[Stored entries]
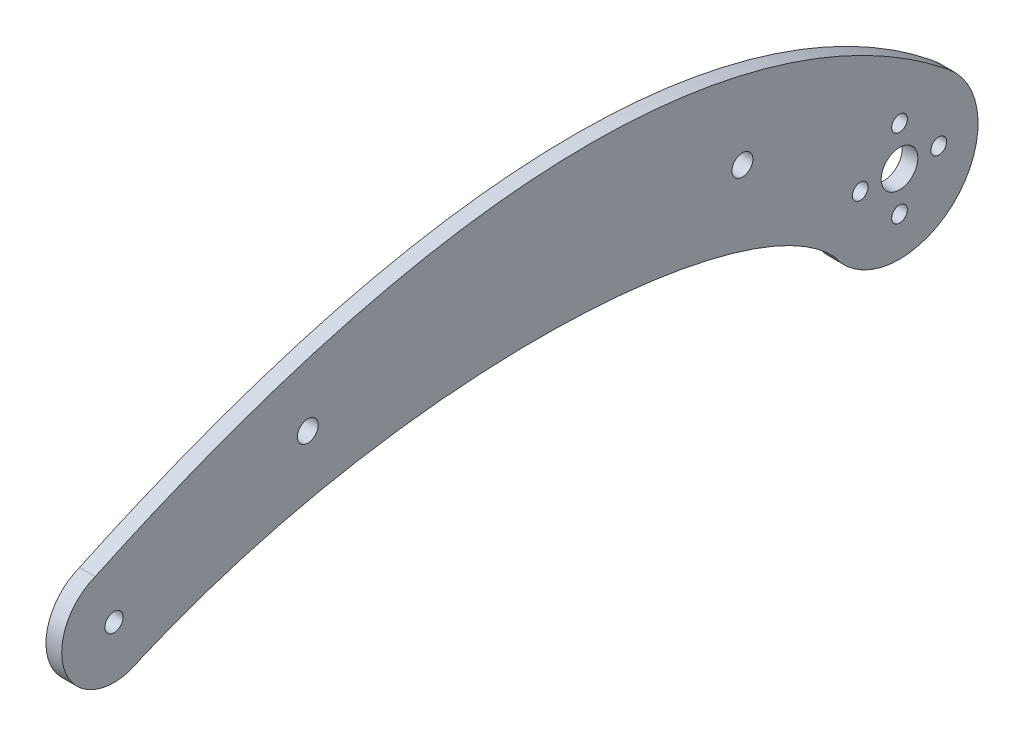
from build123d import *

# Parameters (mm, degrees)
CROQUIS1_R              = 1.75
CROQUIS1_R_2            = 3.5
CROQUIS1_R_3            = 2
CROQUIS1_R_4            = 1.5
SALIENTE_EXTRUIR1_DEPTH = 3


with BuildPart() as part:
    # Croquis1 → Saliente-Extruir1 (new body)
    with BuildSketch(Plane(origin=(0, 0, 0), x_dir=(0, 0, -1), z_dir=(1, 0, 0))):
        with BuildLine():
            ThreePointArc((-12.479760771, -8.321993217), (10.178991806, -11.017627957), (9.281950646, 11.783267467))
            add(Edge.make_bspline(
                [(-153.589400871, 9.333606023), (-52.027464553, 57.017454048), (-3.028685523, 21.666117386), (9.281950646, 11.783267467)],
                knots=[0, 0, 0, 0, 1, 1, 1, 1], degree=3))
            ThreePointArc((-153.589400871, 9.333606023), (-158.998047864, -4.362927301), (-144.894564169, -8.598518767))
            add(Edge.make_bspline(
                [(-144.894564169, -8.598518767), (-94.399563679, 13.089335746), (-29.021790265, 9.608207487), (-12.479760771, -8.321993217)],
                knots=[0, 0, 0, 0, 1, 1, 1, 1], degree=3))
        make_face()
        with Locations((-150, 0)):
            Circle(CROQUIS1_R, mode=Mode.SUBTRACT)
        Circle(CROQUIS1_R_2, mode=Mode.SUBTRACT)
        with Locations((-113, 13.11718)):
            Circle(CROQUIS1_R_3, mode=Mode.SUBTRACT)
        with Locations((-30, 15.614781046)):
            Circle(CROQUIS1_R_3, mode=Mode.SUBTRACT)
        with Locations((-7.5, 0)):
            Circle(CROQUIS1_R_4, mode=Mode.SUBTRACT)
        with Locations((0, -7.5)):
            Circle(CROQUIS1_R_4, mode=Mode.SUBTRACT)
        with Locations((0, 7.5)):
            Circle(CROQUIS1_R_4, mode=Mode.SUBTRACT)
        with Locations((7.5, 0)):
            Circle(CROQUIS1_R_4, mode=Mode.SUBTRACT)
    extrude(amount=SALIENTE_EXTRUIR1_DEPTH)


solid = part.part

> [Task brief]
Write down all the entries exactly, but not the pictures they hold.

> [Response]
from build123d import *

# Parameters (mm, degrees)
CROQUIS1_R              = 1.75
CROQUIS1_R_2            = 3.5
CROQUIS1_R_3            = 2
CROQUIS1_R_4            = 1.5
SALIENTE_EXTRUIR1_DEPTH = 3


with BuildPart() as part:
    # Croquis1 → Saliente-Extruir1 (new body)
    with BuildSketch(Plane(origin=(0, 0, 0), x_dir=(0, 0, -1), z_dir=(1, 0, 0))):
        with BuildLine():
            ThreePointArc((-12.479760771, -8.321993217), (10.178991806, -11.017627957), (9.281950646, 11.783267467))
            add(Edge.make_bspline(
                [(-153.589400871, 9.333606023), (-52.027464553, 57.017454048), (-3.028685523, 21.666117386), (9.281950646, 11.783267467)],
                knots=[0, 0, 0, 0, 1, 1, 1, 1], degree=3))
            ThreePointArc((-153.589400871, 9.333606023), (-158.998047864, -4.362927301), (-144.894564169, -8.598518767))
            add(Edge.make_bspline(
                [(-144.894564169, -8.598518767), (-94.399563679, 13.089335746), (-29.021790265, 9.608207487), (-12.479760771, -8.321993217)],
                knots=[0, 0, 0, 0, 1, 1, 1, 1], degree=3))
        make_face()
        with Locations((-150, 0)):
            Circle(CROQUIS1_R, mode=Mode.SUBTRACT)
        Circle(CROQUIS1_R_2, mode=Mode.SUBTRACT)
        with Locations((-113, 13.11718)):
            Circle(CROQUIS1_R_3, mode=Mode.SUBTRACT)
        with Locations((-30, 15.614781046)):
            Circle(CROQUIS1_R_3, mode=Mode.SUBTRACT)
        with Locations((-7.5, 0)):
            Circle(CROQUIS1_R_4, mode=Mode.SUBTRACT)
        with Locations((0, -7.5)):
            Circle(CROQUIS1_R_4, mode=Mode.SUBTRACT)
        with Locations((0, 7.5)):
            Circle(CROQUIS1_R_4, mode=Mode.SUBTRACT)
        with Locations((7.5, 0)):
            Circle(CROQUIS1_R_4, mode=Mode.SUBTRACT)
    extrude(amount=SALIENTE_EXTRUIR1_DEPTH)


solid = part.part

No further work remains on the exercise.